This is truly an appalling statistic, begging for an explanation as soon as possible. I believe that such an explanation is possible. With the necessary clinical knowledge, thiamine deficient beriberi would certainly enter into the potential diagnosis. The combination of “shortness of  breath and dizziness”  as an initial guide to its consideration, together with the later onset of “terrible stomach and chest pain” associated with heart failure 8 weeks after parturition in the case of that 34-year old pregnant woman, should have given  rise to its consideration. The trouble with this description is that it is not pathognomonic (uniquely indicative) of beriberi, a diagnosis that the medical profession refuses to recognize as a possibility in America.

What needs to be understood is that pregnancy is an enormous metabolic stress. The mother has to feed herself and her offspring, requiring a vast amount of cellular energy, not only to meet her own maintenance, but to support the rapid growth of her fetus. The enormous variety of complications in pregnancy can only be explained by a failure to produce sufficient energy to meet the metabolic demand. The diet in America, together with possible and undiagnosed genetic risk, does not always meet that goal. A common problem is known as hyperemesis gravidarum (severe pregnancy vomiting), a thiamine deficiency complication that can result in the much more serious thiamine deficiency brain disease known as Wernicke encephalopathy. So let us look at the evidence to support thiamine deficiency as a cause of pregnancy complications..

Thiamine Treatment of Severe Pregnancy Toxemia

In 2013 I received a letter from a retired American specialist in OB/GYN, John B. Irwin M.D., together with a book that he had written with the intriguing title “The Natural Way to a Trouble-Free Pregnancy” with subtitle “The Toxemia/Thiamine Connection“. He was desperate in trying to locate a physician who could subject his work to further research. His many attempts had fallen on deaf ears.

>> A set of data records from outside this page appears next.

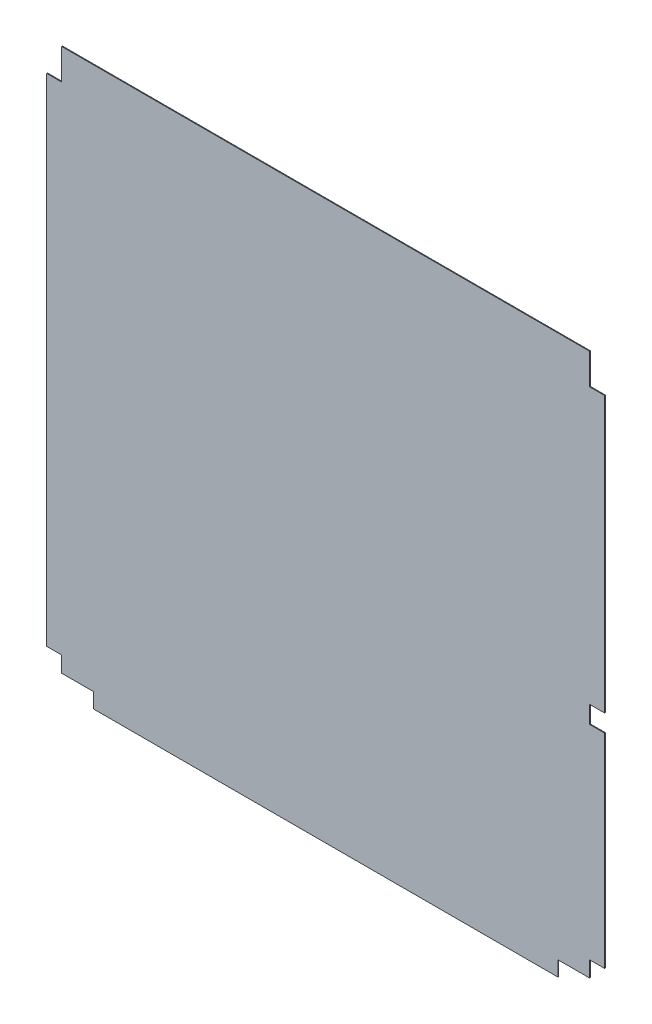
ISO-10303-21;
HEADER;
FILE_DESCRIPTION(('STEP AP214'),'2;1');
FILE_NAME('part.step','',(''),(''),'','','');
FILE_SCHEMA(('AUTOMOTIVE_DESIGN { 1 0 10303 214 1 1 1 1 }'));
ENDSEC;
DATA;
#1=APPLICATION_CONTEXT('core data for automotive mechanical design processes');
#2=APPLICATION_PROTOCOL_DEFINITION('international standard','automotive_design',2000,#1);
#3=PRODUCT_CONTEXT('',#1,'mechanical');
#4=PRODUCT('Part','Part','',(#3));
#5=PRODUCT_RELATED_PRODUCT_CATEGORY('part','',(#4));
#6=PRODUCT_DEFINITION_FORMATION('','',#4);
#7=PRODUCT_DEFINITION_CONTEXT('part definition',#1,'design');
#8=PRODUCT_DEFINITION('design','',#6,#7);
#9=PRODUCT_DEFINITION_SHAPE('','',#8);
#10=(LENGTH_UNIT() NAMED_UNIT(*) SI_UNIT(.MILLI.,.METRE.));
#11=(NAMED_UNIT(*) PLANE_ANGLE_UNIT() SI_UNIT($,.RADIAN.));
#12=(NAMED_UNIT(*) SI_UNIT($,.STERADIAN.) SOLID_ANGLE_UNIT());
#13=UNCERTAINTY_MEASURE_WITH_UNIT(LENGTH_MEASURE(1.E-05),#10,'distance_accuracy_value','');
#14=(GEOMETRIC_REPRESENTATION_CONTEXT(3) GLOBAL_UNCERTAINTY_ASSIGNED_CONTEXT((#13)) GLOBAL_UNIT_ASSIGNED_CONTEXT((#10,
#11,#12)) REPRESENTATION_CONTEXT('',''));
#15=CARTESIAN_POINT('',(0.,0.,0.));
#16=DIRECTION('',(0.,0.,1.));
#17=DIRECTION('',(1.,0.,0.));
#18=AXIS2_PLACEMENT_3D('',#15,#16,#17);
#19=CARTESIAN_POINT('',(0.,279.000000000001,1.));
#20=DIRECTION('',(0.,1.,0.));
#21=DIRECTION('',(0.,0.,1.));
#22=AXIS2_PLACEMENT_3D('',#19,#20,#21);
#23=PLANE('',#22);
#24=DIRECTION('',(1.,0.,0.));
#25=VECTOR('',#24,1.);
#26=CARTESIAN_POINT('',(0.,279.000000000001,0.));
#27=LINE('',#26,#25);
#28=CARTESIAN_POINT('',(-11.0000000000012,279.000000000001,0.));
#29=VERTEX_POINT('',#28);
#30=CARTESIAN_POINT('',(7.9989999999988,279.000000000001,0.));
#31=VERTEX_POINT('',#30);
#32=EDGE_CURVE('E204',#29,#31,#27,.T.);
#33=ORIENTED_EDGE('',*,*,#32,.F.);
#34=DIRECTION('',(0.,0.,-1.));
#35=VECTOR('',#34,1.);
#36=CARTESIAN_POINT('',(-11.0000000000012,279.000000000001,1.));
#37=LINE('',#36,#35);
#38=CARTESIAN_POINT('',(-11.0000000000012,279.000000000001,1.));
#39=VERTEX_POINT('',#38);
#40=EDGE_CURVE('E11',#39,#29,#37,.T.);
#41=ORIENTED_EDGE('',*,*,#40,.F.);
#42=DIRECTION('',(1.,0.,0.));
#43=VECTOR('',#42,1.);
#44=CARTESIAN_POINT('',(0.,279.000000000001,1.));
#45=LINE('',#44,#43);
#46=CARTESIAN_POINT('',(7.9989999999988,279.000000000001,1.));
#47=VERTEX_POINT('',#46);
#48=EDGE_CURVE('E258',#39,#47,#45,.T.);
#49=ORIENTED_EDGE('',*,*,#48,.T.);
#50=DIRECTION('',(0.,0.,-1.));
#51=VECTOR('',#50,1.);
#52=CARTESIAN_POINT('',(7.9989999999988,279.000000000001,1.));
#53=LINE('',#52,#51);
#54=EDGE_CURVE('E125',#47,#31,#53,.T.);
#55=ORIENTED_EDGE('',*,*,#54,.T.);
#56=EDGE_LOOP('',(#33,#41,#49,#55));
#57=FACE_BOUND('',#56,.T.);
#58=ADVANCED_FACE('F39',(#57),#23,.T.);
#59=CARTESIAN_POINT('',(-11.0000000000012,0.,1.));
#60=DIRECTION('',(1.,0.,0.));
#61=DIRECTION('',(0.,0.,-1.));
#62=AXIS2_PLACEMENT_3D('',#59,#60,#61);
#63=PLANE('',#62);
#64=DIRECTION('',(0.,-1.,0.));
#65=VECTOR('',#64,1.);
#66=CARTESIAN_POINT('',(-11.0000000000012,0.,0.));
#67=LINE('',#66,#65);
#68=CARTESIAN_POINT('',(-11.0000000000012,301.000000000001,0.));
#69=VERTEX_POINT('',#68);
#70=EDGE_CURVE('E207',#69,#29,#67,.T.);
#71=ORIENTED_EDGE('',*,*,#70,.F.);
#72=DIRECTION('',(0.,0.,-1.));
#73=VECTOR('',#72,1.);
#74=CARTESIAN_POINT('',(-11.0000000000012,301.000000000001,1.));
#75=LINE('',#74,#73);
#76=CARTESIAN_POINT('',(-11.0000000000012,301.000000000001,1.));
#77=VERTEX_POINT('',#76);
#78=EDGE_CURVE('E47',#77,#69,#75,.T.);
#79=ORIENTED_EDGE('',*,*,#78,.F.);
#80=DIRECTION('',(0.,-1.,0.));
#81=VECTOR('',#80,1.);
#82=CARTESIAN_POINT('',(-11.0000000000012,0.,1.));
#83=LINE('',#82,#81);
#84=EDGE_CURVE('E355',#77,#39,#83,.T.);
#85=ORIENTED_EDGE('',*,*,#84,.T.);
#86=ORIENTED_EDGE('',*,*,#40,.T.);
#87=EDGE_LOOP('',(#71,#79,#85,#86));
#88=FACE_BOUND('',#87,.T.);
#89=ADVANCED_FACE('F301',(#88),#63,.T.);
#90=CARTESIAN_POINT('',(0.,301.000000000001,1.));
#91=DIRECTION('',(0.,-1.,0.));
#92=DIRECTION('',(0.,0.,-1.));
#93=AXIS2_PLACEMENT_3D('',#90,#91,#92);
#94=PLANE('',#93);
#95=DIRECTION('',(-1.,0.,0.));
#96=VECTOR('',#95,1.);
#97=CARTESIAN_POINT('',(0.,301.000000000001,0.));
#98=LINE('',#97,#96);
#99=CARTESIAN_POINT('',(7.9989999999988,301.000000000001,0.));
#100=VERTEX_POINT('',#99);
#101=EDGE_CURVE('E210',#100,#69,#98,.T.);
#102=ORIENTED_EDGE('',*,*,#101,.F.);
#103=DIRECTION('',(0.,0.,-1.));
#104=VECTOR('',#103,1.);
#105=CARTESIAN_POINT('',(7.9989999999988,301.000000000001,1.));
#106=LINE('',#105,#104);
#107=CARTESIAN_POINT('',(7.9989999999988,301.000000000001,1.));
#108=VERTEX_POINT('',#107);
#109=EDGE_CURVE('E290',#108,#100,#106,.T.);
#110=ORIENTED_EDGE('',*,*,#109,.F.);
#111=DIRECTION('',(-1.,0.,0.));
#112=VECTOR('',#111,1.);
#113=CARTESIAN_POINT('',(0.,301.000000000001,1.));
#114=LINE('',#113,#112);
#115=EDGE_CURVE('E297',#108,#77,#114,.T.);
#116=ORIENTED_EDGE('',*,*,#115,.T.);
#117=ORIENTED_EDGE('',*,*,#78,.T.);
#118=EDGE_LOOP('',(#102,#110,#116,#117));
#119=FACE_BOUND('',#118,.T.);
#120=ADVANCED_FACE('F295',(#119),#94,.T.);
#121=CARTESIAN_POINT('',(7.99899999999776,0.,1.));
#122=DIRECTION('',(-1.,0.,0.));
#123=DIRECTION('',(0.,-1.,0.));
#124=AXIS2_PLACEMENT_3D('',#121,#122,#123);
#125=PLANE('',#124);
#126=DIRECTION('',(0.,1.,0.));
#127=VECTOR('',#126,1.);
#128=CARTESIAN_POINT('',(7.99899999999776,0.,0.));
#129=LINE('',#128,#127);
#130=CARTESIAN_POINT('',(7.999,649.,0.));
#131=VERTEX_POINT('',#130);
#132=EDGE_CURVE('E213',#100,#131,#129,.T.);
#133=ORIENTED_EDGE('',*,*,#132,.T.);
#134=DIRECTION('',(0.,0.,-1.));
#135=VECTOR('',#134,1.);
#136=CARTESIAN_POINT('',(7.999,649.,1.));
#137=LINE('',#136,#135);
#138=CARTESIAN_POINT('',(7.999,649.,1.));
#139=VERTEX_POINT('',#138);
#140=EDGE_CURVE('E287',#139,#131,#137,.T.);
#141=ORIENTED_EDGE('',*,*,#140,.F.);
#142=DIRECTION('',(0.,1.,0.));
#143=VECTOR('',#142,1.);
#144=CARTESIAN_POINT('',(7.99899999999776,0.,1.));
#145=LINE('',#144,#143);
#146=EDGE_CURVE('E318',#108,#139,#145,.T.);
#147=ORIENTED_EDGE('',*,*,#146,.F.);
#148=ORIENTED_EDGE('',*,*,#109,.T.);
#149=EDGE_LOOP('',(#133,#141,#147,#148));
#150=FACE_BOUND('',#149,.T.);
#151=ADVANCED_FACE('F309',(#150),#125,.F.);
#152=CARTESIAN_POINT('',(0.,649.,1.));
#153=DIRECTION('',(0.,-1.,0.));
#154=DIRECTION('',(0.,0.,-1.));
#155=AXIS2_PLACEMENT_3D('',#152,#153,#154);
#156=PLANE('',#155);
#157=DIRECTION('',(-1.,0.,0.));
#158=VECTOR('',#157,1.);
#159=CARTESIAN_POINT('',(0.,649.,0.));
#160=LINE('',#159,#158);
#161=CARTESIAN_POINT('',(-11.,649.,0.));
#162=VERTEX_POINT('',#161);
#163=EDGE_CURVE('E215',#131,#162,#160,.T.);
#164=ORIENTED_EDGE('',*,*,#163,.T.);
#165=DIRECTION('',(0.,0.,-1.));
#166=VECTOR('',#165,1.);
#167=CARTESIAN_POINT('',(-11.,649.,1.));
#168=LINE('',#167,#166);
#169=CARTESIAN_POINT('',(-11.,649.,1.));
#170=VERTEX_POINT('',#169);
#171=EDGE_CURVE('E284',#170,#162,#168,.T.);
#172=ORIENTED_EDGE('',*,*,#171,.F.);
#173=DIRECTION('',(-1.,0.,0.));
#174=VECTOR('',#173,1.);
#175=CARTESIAN_POINT('',(0.,649.,1.));
#176=LINE('',#175,#174);
#177=EDGE_CURVE('E315',#139,#170,#176,.T.);
#178=ORIENTED_EDGE('',*,*,#177,.F.);
#179=ORIENTED_EDGE('',*,*,#140,.T.);
#180=EDGE_LOOP('',(#164,#172,#178,#179));
#181=FACE_BOUND('',#180,.T.);
#182=ADVANCED_FACE('F313',(#181),#156,.F.);
#183=CARTESIAN_POINT('',(-11.,0.,1.));
#184=DIRECTION('',(-1.,0.,0.));
#185=DIRECTION('',(0.,0.,1.));
#186=AXIS2_PLACEMENT_3D('',#183,#184,#185);
#187=PLANE('',#186);
#188=DIRECTION('',(0.,1.,0.));
#189=VECTOR('',#188,1.);
#190=CARTESIAN_POINT('',(-11.,0.,0.));
#191=LINE('',#190,#189);
#192=CARTESIAN_POINT('',(-11.,687.999,0.));
#193=VERTEX_POINT('',#192);
#194=EDGE_CURVE('E217',#162,#193,#191,.T.);
#195=ORIENTED_EDGE('',*,*,#194,.T.);
#196=DIRECTION('',(0.,0.,-1.));
#197=VECTOR('',#196,1.);
#198=CARTESIAN_POINT('',(-11.,687.999,1.));
#199=LINE('',#198,#197);
#200=CARTESIAN_POINT('',(-11.,687.999,1.));
#201=VERTEX_POINT('',#200);
#202=EDGE_CURVE('E282',#201,#193,#199,.T.);
#203=ORIENTED_EDGE('',*,*,#202,.F.);
#204=DIRECTION('',(0.,1.,0.));
#205=VECTOR('',#204,1.);
#206=CARTESIAN_POINT('',(-11.,0.,1.));
#207=LINE('',#206,#205);
#208=EDGE_CURVE('E317',#170,#201,#207,.T.);
#209=ORIENTED_EDGE('',*,*,#208,.F.);
#210=ORIENTED_EDGE('',*,*,#171,.T.);
#211=EDGE_LOOP('',(#195,#203,#209,#210));
#212=FACE_BOUND('',#211,.T.);
#213=ADVANCED_FACE('F371',(#212),#187,.F.);
#214=CARTESIAN_POINT('',(1.37010284803689E-12,687.999,1.));
#215=DIRECTION('',(0.,1.,0.));
#216=DIRECTION('',(-1.,0.,0.));
#217=AXIS2_PLACEMENT_3D('',#214,#215,#216);
#218=PLANE('',#217);
#219=DIRECTION('',(1.,0.,0.));
#220=VECTOR('',#219,1.);
#221=CARTESIAN_POINT('',(1.37010284803689E-12,687.999,0.));
#222=LINE('',#221,#220);
#223=CARTESIAN_POINT('',(-678.999993815225,687.999000000001,0.));
#224=VERTEX_POINT('',#223);
#225=EDGE_CURVE('E220',#224,#193,#222,.T.);
#226=ORIENTED_EDGE('',*,*,#225,.F.);
#227=DIRECTION('',(0.,0.,-1.));
#228=VECTOR('',#227,1.);
#229=CARTESIAN_POINT('',(-678.999993815225,687.999000000001,1.));
#230=LINE('',#229,#228);
#231=CARTESIAN_POINT('',(-678.999993815225,687.999000000001,1.));
#232=VERTEX_POINT('',#231);
#233=EDGE_CURVE('E280',#232,#224,#230,.T.);
#234=ORIENTED_EDGE('',*,*,#233,.F.);
#235=DIRECTION('',(1.,0.,0.));
#236=VECTOR('',#235,1.);
#237=CARTESIAN_POINT('',(1.37010284803689E-12,687.999,1.));
#238=LINE('',#237,#236);
#239=EDGE_CURVE('E320',#232,#201,#238,.T.);
#240=ORIENTED_EDGE('',*,*,#239,.T.);
#241=ORIENTED_EDGE('',*,*,#202,.T.);
#242=EDGE_LOOP('',(#226,#234,#240,#241));
#243=FACE_BOUND('',#242,.T.);
#244=ADVANCED_FACE('F374',(#243),#218,.T.);
#245=CARTESIAN_POINT('',(-678.999993815225,0.,1.));
#246=DIRECTION('',(1.,0.,0.));
#247=DIRECTION('',(0.,0.,-1.));
#248=AXIS2_PLACEMENT_3D('',#245,#246,#247);
#249=PLANE('',#248);
#250=DIRECTION('',(0.,-1.,0.));
#251=VECTOR('',#250,1.);
#252=CARTESIAN_POINT('',(-678.999993815225,0.,0.));
#253=LINE('',#252,#251);
#254=CARTESIAN_POINT('',(-678.999993815225,649.000000000001,0.));
#255=VERTEX_POINT('',#254);
#256=EDGE_CURVE('E223',#224,#255,#253,.T.);
#257=ORIENTED_EDGE('',*,*,#256,.T.);
#258=DIRECTION('',(0.,0.,-1.));
#259=VECTOR('',#258,1.);
#260=CARTESIAN_POINT('',(-678.999993815225,649.000000000001,1.));
#261=LINE('',#260,#259);
#262=CARTESIAN_POINT('',(-678.999993815225,649.000000000001,1.));
#263=VERTEX_POINT('',#262);
#264=EDGE_CURVE('E278',#263,#255,#261,.T.);
#265=ORIENTED_EDGE('',*,*,#264,.F.);
#266=DIRECTION('',(0.,-1.,0.));
#267=VECTOR('',#266,1.);
#268=CARTESIAN_POINT('',(-678.999993815225,0.,1.));
#269=LINE('',#268,#267);
#270=EDGE_CURVE('E327',#232,#263,#269,.T.);
#271=ORIENTED_EDGE('',*,*,#270,.F.);
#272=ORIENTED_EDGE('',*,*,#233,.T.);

He hoped that I could promulgate his work. In retirement he had hired himself out to the government of the Commonwealth of the Northern Mariana Islands to try to improve upon their system of obstetrical care.  He had attended an introductory meeting with a group of island doctors who were all American board-certified in their specialties. They introduced him to a woman who, at 36 weeks of gestation was essentially moribund with severe preeclampsia (advanced pregnancy toxemia), severe gestational cardiomyopathy (pregnancy heart failure), and with some premature separation of the placenta. Recognizing that the patient had the thiamine deficiency disease beriberi and in spite of the massive skepticism of the assembled doctors, he told them that he was going to make her well with mega-thiamine. He treated her with 100 mg of thiamine daily, reporting that she was physiologically well in six days. She delivered a 3 lbs. 12 oz. infant with a normal Apgar score

Yes, I know how many will react to this. They will say that “this patient was on a tropical island where beriberi was much more likely. This could not happen in America where the science of nutrition is so well known and where all the foods are enriched with vitamins”.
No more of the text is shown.